→ **WHAT THIS TASK INVOLVES**: For each line in the records that contains "actualNeighbor", make a copy.

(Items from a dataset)
****************

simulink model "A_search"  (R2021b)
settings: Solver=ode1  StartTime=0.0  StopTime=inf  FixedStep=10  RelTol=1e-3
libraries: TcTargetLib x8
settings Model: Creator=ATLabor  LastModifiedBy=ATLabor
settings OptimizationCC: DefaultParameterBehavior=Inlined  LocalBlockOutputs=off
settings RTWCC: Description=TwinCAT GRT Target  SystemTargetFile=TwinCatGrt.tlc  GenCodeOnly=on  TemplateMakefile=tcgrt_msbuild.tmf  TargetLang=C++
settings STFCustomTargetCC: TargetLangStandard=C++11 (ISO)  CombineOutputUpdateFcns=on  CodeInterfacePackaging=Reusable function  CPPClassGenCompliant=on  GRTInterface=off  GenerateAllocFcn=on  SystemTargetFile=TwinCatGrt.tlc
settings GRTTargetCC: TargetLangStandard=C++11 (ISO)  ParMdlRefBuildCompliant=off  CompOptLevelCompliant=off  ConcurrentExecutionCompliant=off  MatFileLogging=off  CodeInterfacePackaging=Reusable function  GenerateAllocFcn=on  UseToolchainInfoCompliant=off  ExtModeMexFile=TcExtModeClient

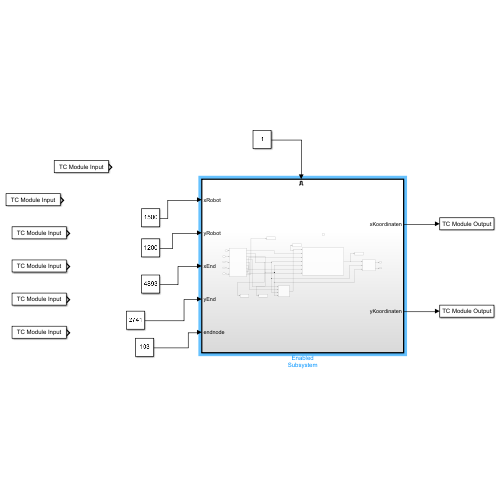
[thumbnail: Simulink's stored preview of the top-level diagram]
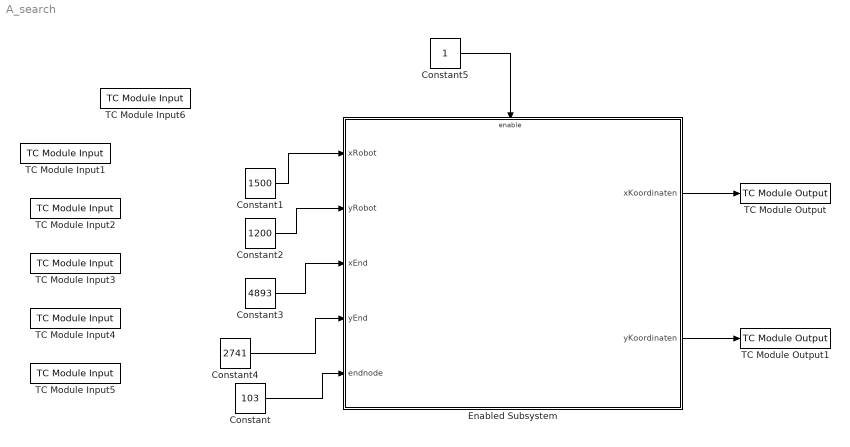
== system A_search ==
  Constant : Constant  Value=103
  Constant1 : Constant  Value=1500
  Constant2 : Constant  Value=1200
  Constant3 : Constant  Value=4893
  Constant4 : Constant  Value=2741
  Constant5 : Constant
  Enabled Subsystem : Subsystem  TreatAsAtomicUnit=on
  TC Module Input{1..6} (6 alike) : TcTargetLib/TC Module Input  PortDataType=double  PortDim=1  Value=0  SampleTime=-1  CodeGenConnectType=DataArea (InputDst)  DataTypeOverride=off
      settings: SourceProductName=Beckhoff TwinCAT Target
  TC Module Output : TcTargetLib/TC Module Output  PortDataType=double  PortDim=144:1  SampleTime=-1  CodeGenConnectType=DataArea (OutputSrc)  DataTypeOverride=off
      settings: SourceProductName=Beckhoff TwinCAT Target
  TC Module Output1 : TcTargetLib/TC Module Output  PortDataType=double  PortDim=144:1  SampleTime=-1  CodeGenConnectType=DataArea (OutputSrc)  DataTypeOverride=off
      settings: SourceProductName=Beckhoff TwinCAT Target
  wires:
  Enabled Subsystem/1(xKoordinaten) -> TC Module Output/1
  Enabled Subsystem/2(yKoordinaten) -> TC Module Output1/1
  Constant/1 -> Enabled Subsystem/5(endnode)
  Constant1/1 -> Enabled Subsystem/1(xRobot)
  Constant2/1 -> Enabled Subsystem/2(yRobot)
  Constant3/1 -> Enabled Subsystem/3(xEnd)
  Constant4/1 -> Enabled Subsystem/4(yEnd)
  Constant5/1 -> Enabled Subsystem/Enable

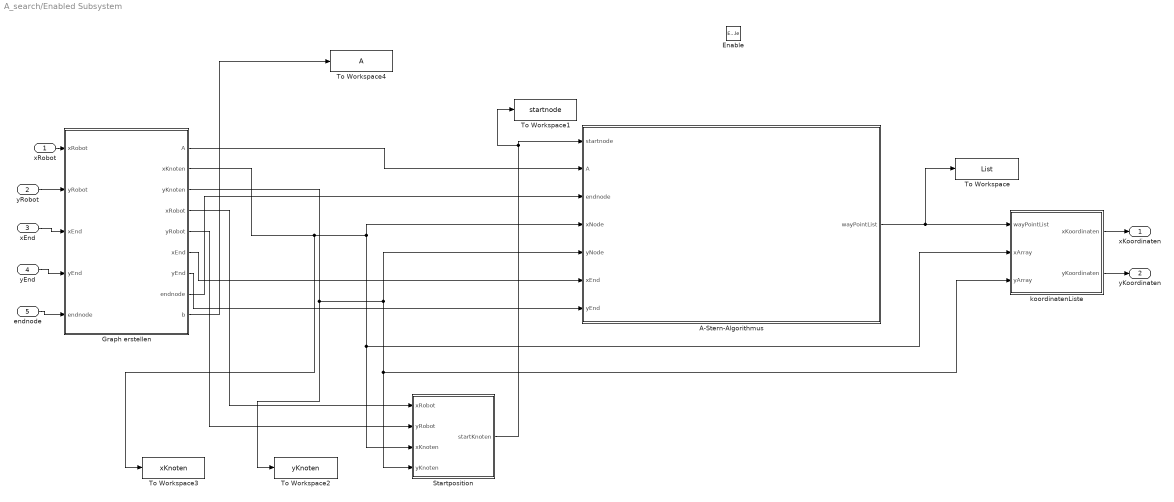
== system A_search/Enabled Subsystem ==
  xRobot : Inport
  yRobot : Inport  Port=2
  xEnd : Inport  Port=3
  yEnd : Inport  Port=4
  endnode : Inport  Port=5
  Enable : EnablePort
  A-Stern-Algorithmus : MATLAB Function  TreatAsAtomicUnit=on
  Graph erstellen : MATLAB Function  TreatAsAtomicUnit=on
  Startposition : MATLAB Function  TreatAsAtomicUnit=on
  To Workspace : ToWorkspace  VariableName=List  SampleTime=-1
  To Workspace1 : ToWorkspace  VariableName=startnode  SampleTime=-1
  To Workspace2 : ToWorkspace  VariableName=yKnoten  SampleTime=-1
  To Workspace3 : ToWorkspace  VariableName=xKnoten  SampleTime=-1
  To Workspace4 : ToWorkspace  VariableName=A  SampleTime=-1
      settings: Save2DSignal=2-D array (concatenate along first dimension)
  koordinatenListe : MATLAB Function  TreatAsAtomicUnit=on
  xKoordinaten : Outport
  yKoordinaten : Outport  Port=2
  wires:
  Graph erstellen/2(xKnoten) -> To Workspace3/1, A-Stern-Algorithmus/4(xNode), koordinatenListe/2(xArray), Startposition/3(xKnoten)
  koordinatenListe/1(xKoordinaten) -> xKoordinaten/1
  koordinatenListe/2(yKoordinaten) -> yKoordinaten/1
  Startposition/1(startKnoten) -> To Workspace1/1, A-Stern-Algorithmus/1(startnode)
  Graph erstellen/3(yKnoten) -> To Workspace2/1, koordinatenListe/3(yArray), Startposition/4(yKnoten), A-Stern-Algorithmus/5(yNode)
  Graph erstellen/1(A) -> A-Stern-Algorithmus/2(A)
  A-Stern-Algorithmus/1(wayPointList) -> To Workspace/1, koordinatenListe/1(wayPointList)
  endnode/1 -> Graph erstellen/5("endnode ")
  Graph erstellen/8(endnode) -> A-Stern-Algorithmus/3(endnode)
  yEnd/1 -> Graph erstellen/4("yEnd ")
  xEnd/1 -> Graph erstellen/3("xEnd ")
  Graph erstellen/6(xEnd) -> A-Stern-Algorithmus/6(xEnd)
  Graph erstellen/7(yEnd) -> A-Stern-Algorithmus/7(yEnd)
  xRobot/1 -> Graph erstellen/1("xRobot ")
  yRobot/1 -> Graph erstellen/2("yRobot ")
  Graph erstellen/5(yRobot) -> Startposition/2(yRobot)
  Graph erstellen/4(xRobot) -> Startposition/1(xRobot)
  Graph erstellen/9(b) -> To Workspace4/1

== matlab function A_search/Enabled Subsystem/Graph erstellen ==
  data: xRobot input; yRobot input; xEnd input; yEnd input; A output; xKnoten output; yKnoten output; xRobot output; yRobot output; xEnd output; yEnd output; endnode input; endnode output; b output
function [A, xKnoten, yKnoten, xRobot, yRobot, xEnd, yEnd, endnode, b]= fcn(xRobot, yRobot, xEnd, yEnd,endnode)

numberOfNodes = 144;
numberOfColumns = 18;
A = zeros(numberOfNodes);

% Verbindung zu relevanten Knoten
for i = 1:numberOfNodes
    if i-1>0 && mod(i, numberOfColumns) ~= 1
        A(i-1,i) = 1000;
    end
    if i+1<numberOfNodes+1 && mod(i,numberOfColumns) ~= 0
        A(i+1,i)= 1000;
    end
    if i+numberOfColumns<numberOfNodes+1
        A(i+numberOfColumns,i)=1000;
    end
    if i-numberOfColumns>0
        A(i-numberOfColumns,i)=1000;
    end
    if i+numberOfColumns+1 < numberOfNodes+1 && mod(i,numberOfColumns) ~= 0
        A(i+numberOfColumns+1,i) = sqrt(2)*1000;
    end
    if i+numberOfColumns-1 < numberOfNodes+1 && mod(i, numberOfColumns) ~= 1
        A(i+numberOfColumns-1,i) = sqrt(2)*1000;
    end
     if i-numberOfColumns+1 > 0 && mod(i,numberOfColumns) ~= 1
        A(i-numberOfColumns+1,i) = sqrt(2)*1000;
    end
    if i-numberOfColumns-1 > 0 && mod(i, numberOfColumns) ~= 0
        A(i-numberOfColumns-1,i) = sqrt(2)*1000;
    end
end

% Lösen der Station
for i= 1:144
    A(92,i) = 0;
    A(i,92) = 0;
    A(93,i) = 0;
    A(i,93) = 0;
    A(96,i) = 0;
    A(i,96) = 0;
    A(99,i) = 0;
    A(i,99) = 0;
    A(102,i) = 0;
    A(i,102) = 0;
    A(110,i) = 0;
    A(i,110) = 0;
    A(111,i) = 0;
    A(i,111) = 0;
    A(114,i) = 0;
    A(i,114) = 0;
    A(117,i) = 0;
    A(i,117) = 0;
    A(120,i) = 0;
    A(i,120) = 0;
    A(124,i) = 0;
    A(i,124) = 0;
    A(125,i) = 0;
    A(i,125) = 0;
    A(142,i) = 0;
    A(i,142) = 0;
    A(143,i) = 0;
    A(i,143) = 0;
end

%Graph = graph(A);

% Umrechung von Knoten in Koordinaten
xKnoten = zeros(numberOfNodes,1);
yKnoten = zeros(numberOfNodes,1);
row = 600;
col = 200;
for i = 1:numberOfNodes
    xKnoten(i) = col;
    yKnoten(i) = row;
    col = col + 400;
    if mod(i,numberOfColumns) == 0 
        col = 200;
        row = row + 400;
    end 
end

b = 2;

== matlab function A_search/Enabled Subsystem/A-Stern-Algorithmus ==
  data: startnode input; wayPointList output; A input; endnode input; xNode input; yNode input; xEnd input; yEnd input
function wayPointList = fcn(startnode, A, endnode, xNode, yNode, xEnd, yEnd)

Graph = graph(A);

%remoove nodes
%Graph = rmnode(Graph, [...]) 
numberOfNodes = 144;
%h = [7; 6; 5; 4; 6; 5; 4; 3; 5; 4; 3; 2; 4; 3; 2; 1; 3; 2; 1; 0];

openList = zeros(50,5);         % 1: Node, 2: f, 3: g, 4: ParentNode, 5: h
openList(1,1) = startnode;
closedList = zeros(50,4);       % 1: Node, 2: f, 3: g, 4: ParentNode, 5: h
f = sqrt(power(xNode(startnode)-xEnd,2) + power(yNode(startnode)-yEnd,2)); 
% weil f = g + h und g müsste bei Startknoten 0 sein
openList(1,2) = f;
g = zeros(numberOfNodes,1);
g(startnode) = 0;
openList(1,3) = g(startnode);
gParent = 0;
counter = 1;
nextNode = startnode;
actualNode = 0;
inClosedList = false;
inOpenList = false;

while (nextNode ~= endnode)
    
%Suche nach Node mit kleinstem f in openList
    for i = 1:numberOfNodes % alle Knoten aus openList durchgehen und kleinstes f(n) suchen
        if openList(i,1)~=0
            actualNode = openList(i,1);
        else
            break;
        end

        if actualNode > 1
            row1 = outedges(Graph,nextNode); % alle Zeilen in G (von Kanten) wo Knoten 6 beteiligt ist
            row2 = outedges(Graph,actualNode); % alle Zeilen in G wo aktueller Knoten beteiligt ist
            searchedRow = intersect(row1,row2);
            if openList(i,2) == 0
                g(actualNode) = gParent + Graph.Edges.Weight(searchedRow); %Gewichtung von Knoten in openList
                h = sqrt(power(xNode(actualNode)-xEnd,2) + power(yNode(actualNode)-yEnd,2));
                f = g(actualNode) + h(actualNode);
                openList(i,2) = f;
                openList(i,5) = h;
            end
        end
    end
    % Node mit kleinstem f finden
    if actualNode > 1
        Z=openList(:,2);
        Z(Z==0)=nan;
        fmin = min(Z);
        index = find(openList(:,2)==fmin);
        nextNode = openList(index(1),1);
        gParent = g(nextNode);
    else
        fmin = 0;
        nextNode = startnode;
        gParent = 0;
    end

 % Endknoten erreicht?
    if nextNode == endnode
        break;
    end
  
% nächstes Node in closed List einfügen und in openList löschen
    closedList(counter,1) = nextNode;
    closedList(counter,2) = fmin;
    closedList(counter,3) = gParent;
    if counter > 1
        closedList(counter,4) = closedList(counter-1,1);
    end
    openList = zeros(50,5);
    counter = counter + 1;

 % Nachbarn suchen und openList hinzufügen
    neighborsArray = neighbors(Graph,nextNode);
    neighborsRow = outedges(Graph,nextNode);
    for n = 1:length(neighborsArray)
        actualNeighbor = neighborsArray(n);
        gNeighbor = gParent + Graph.Edges.Weight(neighborsRow(n));
        for index = 1:size(closedList,1)
            if closedList(index,1) == actualNeighbor
                inClosedList = true;
            end
             if openList(index,1) == actualNeighbor
                inOpenList = true;
             end
        end

        if gNeighbor < gParent  && inClosedList == true
            closedList(closedList(:,1)==actualNeighbor,3) = gNeighbor;
            closedList(closedList(:,1)==actualNeighbor,4) = nextNode;
        elseif gNeighbor < gParent && inOpenList == true
                openList(openList(:,1)==actualNeighbor,3) = gNeighbor;
                openList(openList(:,1)==actualNeighbor,4) = nextNode;         
        elseif inClosedList == false && inOpenList == false
                    nextIndex = find(openList(:,1)==0);
                    openList(nextIndex(1),1) = actualNeighbor;
                    openList(nextIndex(1),3) = gNeighbor;
        end
        inClosedList = false;
        inOpenList = false;
    end
end

closedList(counter,1) = endnode;
wayPointList = zeros(20,1);
for index = 1:counter
    wayPointList(index) = closedList(index,1);
end

== matlab function A_search/Enabled Subsystem/Startposition ==
  data: xRobot input; startKnoten output; yRobot input; xKnoten input; yKnoten input
function startKnoten= fcn(xRobot, yRobot, xKnoten, yKnoten)

startKnoten = 0;
startKnotenArray = 0;
diff_x = zeros(size(xKnoten,1),1);
diff_y = zeros(size(yKnoten,1),1);

for i = 1:size(xKnoten,1)
    diff_x(i) = abs(xRobot-xKnoten(i));
end

for i = 1:size(yKnoten,1)
    diff_y(i) = abs(yRobot-yKnoten(i));
end

xMin = min(diff_x);
yMin = min(diff_y);

xStart = find(diff_x == xMin);
yStart = find(diff_y == yMin);

startKnotenArray = intersect(xStart, yStart);

startKnoten = startKnotenArray(1,1);

== matlab function A_search/Enabled Subsystem/koordinatenListe ==
  data: wayPointList input; xKoordinaten output; yKoordinaten output; xArray input; yArray input
function [xKoordinaten, yKoordinaten]= fcn(wayPointList, xArray, yArray)

sizeList = size(wayPointList,1);
xKoordinaten = zeros(sizeList,1);
yKoordinaten = zeros(sizeList,1);

for i = 1 : sizeList
    xKoordinaten(i) = xArray(wayPointList(i));
    yKoordinaten(i) = yArray(wayPointList(i));
end

****************

→ **EXERCISE RESULT**:
        actualNeighbor = neighborsArray(n);
            if closedList(index,1) == actualNeighbor
             if openList(index,1) == actualNeighbor
            closedList(closedList(:,1)==actualNeighbor,3) = gNeighbor;
            closedList(closedList(:,1)==actualNeighbor,4) = nextNode;
                openList(openList(:,1)==actualNeighbor,3) = gNeighbor;
                openList(openList(:,1)==actualNeighbor,4) = nextNode;         
                    openList(nextIndex(1),1) = actualNeighbor;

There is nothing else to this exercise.